Maximum Likelihood Estimation of N-Gram Model Parameters

Introduction

A language model is a probability distribution over sequences of words, namely:

$$p(w_1, w_2, w_3, \cdots, w_n)$$

According to the chain rule,

$$
p(w_1, w_2, w_3, \cdots, w_n) = p(w_1)p(w_2|w_1)p(w_3|w_2,w_1)\cdots p(w_n|w_{n-1},w_{n-2},\cdots,w_1)
$$

However, the parameters for this language model are $p(w_1)$, $p(w_2|w_1)$, \cdots, $p(w_n|w_{n-1},\cdots,w_1)$, which are usually too computationally expensive to calculate especially for the conditional probability with many conditioning words, even with a small dataset.

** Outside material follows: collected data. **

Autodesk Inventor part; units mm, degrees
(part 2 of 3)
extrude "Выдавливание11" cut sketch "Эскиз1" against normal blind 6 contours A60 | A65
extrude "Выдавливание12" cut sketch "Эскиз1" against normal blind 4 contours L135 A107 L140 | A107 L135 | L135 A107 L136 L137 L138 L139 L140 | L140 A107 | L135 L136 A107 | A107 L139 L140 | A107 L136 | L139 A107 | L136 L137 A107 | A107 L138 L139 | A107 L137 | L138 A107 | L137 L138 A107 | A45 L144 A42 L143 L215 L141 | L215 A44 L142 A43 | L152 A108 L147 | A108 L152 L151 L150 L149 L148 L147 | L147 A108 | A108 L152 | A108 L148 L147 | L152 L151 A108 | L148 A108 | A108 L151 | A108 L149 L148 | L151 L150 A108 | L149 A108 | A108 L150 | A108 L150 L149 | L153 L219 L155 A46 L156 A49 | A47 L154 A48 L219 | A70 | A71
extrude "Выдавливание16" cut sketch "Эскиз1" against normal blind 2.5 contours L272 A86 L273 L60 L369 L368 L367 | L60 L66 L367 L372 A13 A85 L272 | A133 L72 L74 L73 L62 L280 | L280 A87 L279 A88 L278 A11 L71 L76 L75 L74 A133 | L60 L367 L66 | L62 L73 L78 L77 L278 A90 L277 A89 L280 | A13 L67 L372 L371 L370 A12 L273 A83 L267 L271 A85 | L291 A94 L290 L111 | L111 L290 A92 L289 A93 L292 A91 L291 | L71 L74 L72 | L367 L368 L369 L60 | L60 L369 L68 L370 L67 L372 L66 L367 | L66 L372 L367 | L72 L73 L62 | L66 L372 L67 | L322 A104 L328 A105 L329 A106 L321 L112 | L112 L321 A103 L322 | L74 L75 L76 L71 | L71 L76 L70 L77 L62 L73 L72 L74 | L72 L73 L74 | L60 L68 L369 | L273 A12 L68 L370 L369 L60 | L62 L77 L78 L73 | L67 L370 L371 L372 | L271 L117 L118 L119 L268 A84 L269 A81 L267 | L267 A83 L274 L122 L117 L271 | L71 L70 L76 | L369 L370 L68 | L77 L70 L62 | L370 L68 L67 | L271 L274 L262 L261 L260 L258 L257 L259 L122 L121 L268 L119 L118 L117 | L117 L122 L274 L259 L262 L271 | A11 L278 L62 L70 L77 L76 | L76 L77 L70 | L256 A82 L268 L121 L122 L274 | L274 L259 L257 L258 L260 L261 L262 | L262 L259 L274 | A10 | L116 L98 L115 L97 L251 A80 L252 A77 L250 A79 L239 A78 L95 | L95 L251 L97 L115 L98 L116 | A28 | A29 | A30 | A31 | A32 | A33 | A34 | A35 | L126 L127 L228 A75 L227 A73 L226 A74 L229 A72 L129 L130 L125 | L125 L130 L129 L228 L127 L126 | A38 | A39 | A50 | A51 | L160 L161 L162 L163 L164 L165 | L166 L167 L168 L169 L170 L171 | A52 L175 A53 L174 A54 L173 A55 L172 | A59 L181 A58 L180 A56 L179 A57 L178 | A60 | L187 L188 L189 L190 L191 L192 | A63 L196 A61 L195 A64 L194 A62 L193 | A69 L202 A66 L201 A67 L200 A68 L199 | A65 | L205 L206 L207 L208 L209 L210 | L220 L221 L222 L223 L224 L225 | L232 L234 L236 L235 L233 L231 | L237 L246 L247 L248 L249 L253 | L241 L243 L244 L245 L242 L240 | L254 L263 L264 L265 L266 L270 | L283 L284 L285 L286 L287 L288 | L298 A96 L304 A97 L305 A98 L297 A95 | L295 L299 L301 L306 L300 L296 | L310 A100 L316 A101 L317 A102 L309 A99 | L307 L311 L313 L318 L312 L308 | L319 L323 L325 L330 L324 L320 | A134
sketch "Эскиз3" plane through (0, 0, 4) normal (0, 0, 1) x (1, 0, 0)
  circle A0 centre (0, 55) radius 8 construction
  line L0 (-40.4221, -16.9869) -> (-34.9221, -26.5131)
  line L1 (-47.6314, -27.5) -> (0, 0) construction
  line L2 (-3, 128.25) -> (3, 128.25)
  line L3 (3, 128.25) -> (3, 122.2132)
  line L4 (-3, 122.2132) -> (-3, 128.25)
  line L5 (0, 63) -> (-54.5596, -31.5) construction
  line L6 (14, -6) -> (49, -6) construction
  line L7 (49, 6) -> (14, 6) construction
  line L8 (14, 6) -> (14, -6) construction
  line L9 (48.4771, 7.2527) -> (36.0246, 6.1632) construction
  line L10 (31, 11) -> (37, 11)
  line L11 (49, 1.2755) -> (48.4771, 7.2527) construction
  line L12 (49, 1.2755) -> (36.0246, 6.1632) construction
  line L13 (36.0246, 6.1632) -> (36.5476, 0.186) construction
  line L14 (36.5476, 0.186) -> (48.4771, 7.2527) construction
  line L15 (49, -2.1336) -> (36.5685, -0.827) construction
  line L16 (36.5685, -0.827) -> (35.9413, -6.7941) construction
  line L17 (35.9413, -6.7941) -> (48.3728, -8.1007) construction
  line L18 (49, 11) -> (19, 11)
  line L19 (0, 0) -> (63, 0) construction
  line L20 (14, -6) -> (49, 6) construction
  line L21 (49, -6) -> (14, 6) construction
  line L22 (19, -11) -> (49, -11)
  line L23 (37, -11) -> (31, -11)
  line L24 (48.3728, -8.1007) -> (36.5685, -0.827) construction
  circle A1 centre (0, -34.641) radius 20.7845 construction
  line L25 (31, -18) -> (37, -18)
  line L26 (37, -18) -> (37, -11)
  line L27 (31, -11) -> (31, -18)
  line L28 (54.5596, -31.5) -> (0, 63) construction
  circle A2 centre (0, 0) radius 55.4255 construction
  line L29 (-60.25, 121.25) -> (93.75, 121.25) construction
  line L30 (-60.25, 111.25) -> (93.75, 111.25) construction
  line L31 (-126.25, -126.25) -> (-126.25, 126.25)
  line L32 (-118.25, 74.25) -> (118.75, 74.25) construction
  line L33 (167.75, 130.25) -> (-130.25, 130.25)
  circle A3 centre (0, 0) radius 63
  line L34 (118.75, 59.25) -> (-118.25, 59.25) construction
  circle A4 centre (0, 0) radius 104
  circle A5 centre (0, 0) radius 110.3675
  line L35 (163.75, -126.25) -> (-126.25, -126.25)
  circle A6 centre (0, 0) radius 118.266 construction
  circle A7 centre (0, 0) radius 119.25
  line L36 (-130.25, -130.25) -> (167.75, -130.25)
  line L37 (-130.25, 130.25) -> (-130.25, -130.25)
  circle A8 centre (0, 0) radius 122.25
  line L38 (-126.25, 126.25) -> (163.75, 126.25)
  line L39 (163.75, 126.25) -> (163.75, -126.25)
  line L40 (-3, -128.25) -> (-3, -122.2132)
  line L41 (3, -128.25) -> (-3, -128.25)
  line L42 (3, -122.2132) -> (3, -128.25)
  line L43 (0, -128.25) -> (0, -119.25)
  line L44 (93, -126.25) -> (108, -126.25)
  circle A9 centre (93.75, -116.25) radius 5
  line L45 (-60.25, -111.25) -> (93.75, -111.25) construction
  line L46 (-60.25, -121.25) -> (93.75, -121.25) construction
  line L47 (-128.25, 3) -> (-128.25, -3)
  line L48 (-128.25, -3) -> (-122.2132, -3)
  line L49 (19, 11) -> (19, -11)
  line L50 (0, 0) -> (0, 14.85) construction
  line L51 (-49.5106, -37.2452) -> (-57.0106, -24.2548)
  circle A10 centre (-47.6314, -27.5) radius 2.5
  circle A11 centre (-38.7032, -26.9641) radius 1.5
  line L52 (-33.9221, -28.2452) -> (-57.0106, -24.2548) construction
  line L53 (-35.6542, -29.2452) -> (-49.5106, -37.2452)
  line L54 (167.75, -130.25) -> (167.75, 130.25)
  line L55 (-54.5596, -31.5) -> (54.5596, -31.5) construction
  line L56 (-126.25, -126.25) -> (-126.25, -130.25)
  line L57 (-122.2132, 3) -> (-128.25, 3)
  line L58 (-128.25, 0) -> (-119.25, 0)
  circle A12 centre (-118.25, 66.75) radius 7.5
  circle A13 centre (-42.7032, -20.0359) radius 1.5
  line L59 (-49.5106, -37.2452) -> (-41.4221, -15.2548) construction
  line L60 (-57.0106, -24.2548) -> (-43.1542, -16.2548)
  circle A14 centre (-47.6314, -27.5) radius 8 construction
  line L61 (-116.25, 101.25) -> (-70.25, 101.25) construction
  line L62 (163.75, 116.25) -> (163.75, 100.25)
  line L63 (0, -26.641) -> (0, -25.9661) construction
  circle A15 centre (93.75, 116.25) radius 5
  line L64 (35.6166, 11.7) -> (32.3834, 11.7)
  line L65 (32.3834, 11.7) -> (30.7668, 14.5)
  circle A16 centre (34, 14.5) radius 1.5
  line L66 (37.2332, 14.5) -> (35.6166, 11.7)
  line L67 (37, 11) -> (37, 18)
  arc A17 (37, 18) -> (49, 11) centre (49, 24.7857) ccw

To approximate $p(w_1, w_2, w_3, \cdots, w_n)$, we could use N-Gram models to approximate the language model, namely:

N-Gram Model

$$
p(w_1, w_2, w_3, \cdots, w_n) \approx p(w_1)p(w_2|w_1)p(w_3|w_2,w_1)\cdots p(w_n|w_{n-1},w_{n-2},\cdots,w_{n-N})
$$

In particular, we usually use unigram model, bigram model and trigram model in language modelings.

Unigram Model

$$
p(w_1, w_2, w_3, \cdots, w_n) \approx p(w_1)p(w_2)p(w_3)\cdots p(w_n)
$$

Bigram Model

$$
p(w_1, w_2, w_3, \cdots, w_n) \approx p(w_1)p(w_2|w_1)p(w_3|w_2)\cdots p(w_n|w_{n-1})
$$

Trigram Model

$$
p(w_1, w_2, w_3, \cdots, w_n) \approx p(w_1)p(w_2|w_1)p(w_3|w_2,w_1)\cdots p(w_n|w_{n-1},w_{n-2})
$$

With the N-Gram model approximations, calculating $p(w_n|w_{n-1},w_{n-2},\cdots,w_{n-N})$ is usually not too computationally expensive.

Maximum Likelihood Estimation of N-Gram Model Parameters

To estimate $p(w_n|w_{n-1},w_{n-2},\cdots,w_{n-N})$, an intuitive way is to do maximum likelihood estimation (MLE).

Maximum likelihood estimation estimates the model parameters such that the probability is maximized.

In our case, the parameters are $p(w_n|w_{n-1},w_{n-2},\cdots,w_{n-N})$, and the probability we maximizes is $p(w_1)p(w_2|w_1)p(w_3|w_2,w_1)\cdots p(w_n|w_{n-1},w_{n-2},\cdots,w_{n-N})$

In practice, we simply count the occurrence of word patterns to calculate the maximum likelihood estimation of $p(w_n|w_{n-1},w_{n-2},\cdots,w_{n-N})$.

Unigram Model

$$p(w_i) = \frac{c(w_i)}{\sum_{w}^{} c(w)}$$

Bigram Model

$$p(w_i|w_{i-1}) = \frac{c(w_{i-1},w_i)}{\sum_{w}^{} c(w_{i-1},w)}$$

Trigram Model

$$p(w_i|w_{i-1},w_{i-2}) = \frac{c(w_{i-2},w_{i-1},w_i)}{\sum_{w}^{} c(w_{i-2},w_{i-1},w)}$$

Now the question becomes why these formulas are the maximum likelihood estimations. Most of the books and online tutorials only give these formulas without showing formal mathematical proof.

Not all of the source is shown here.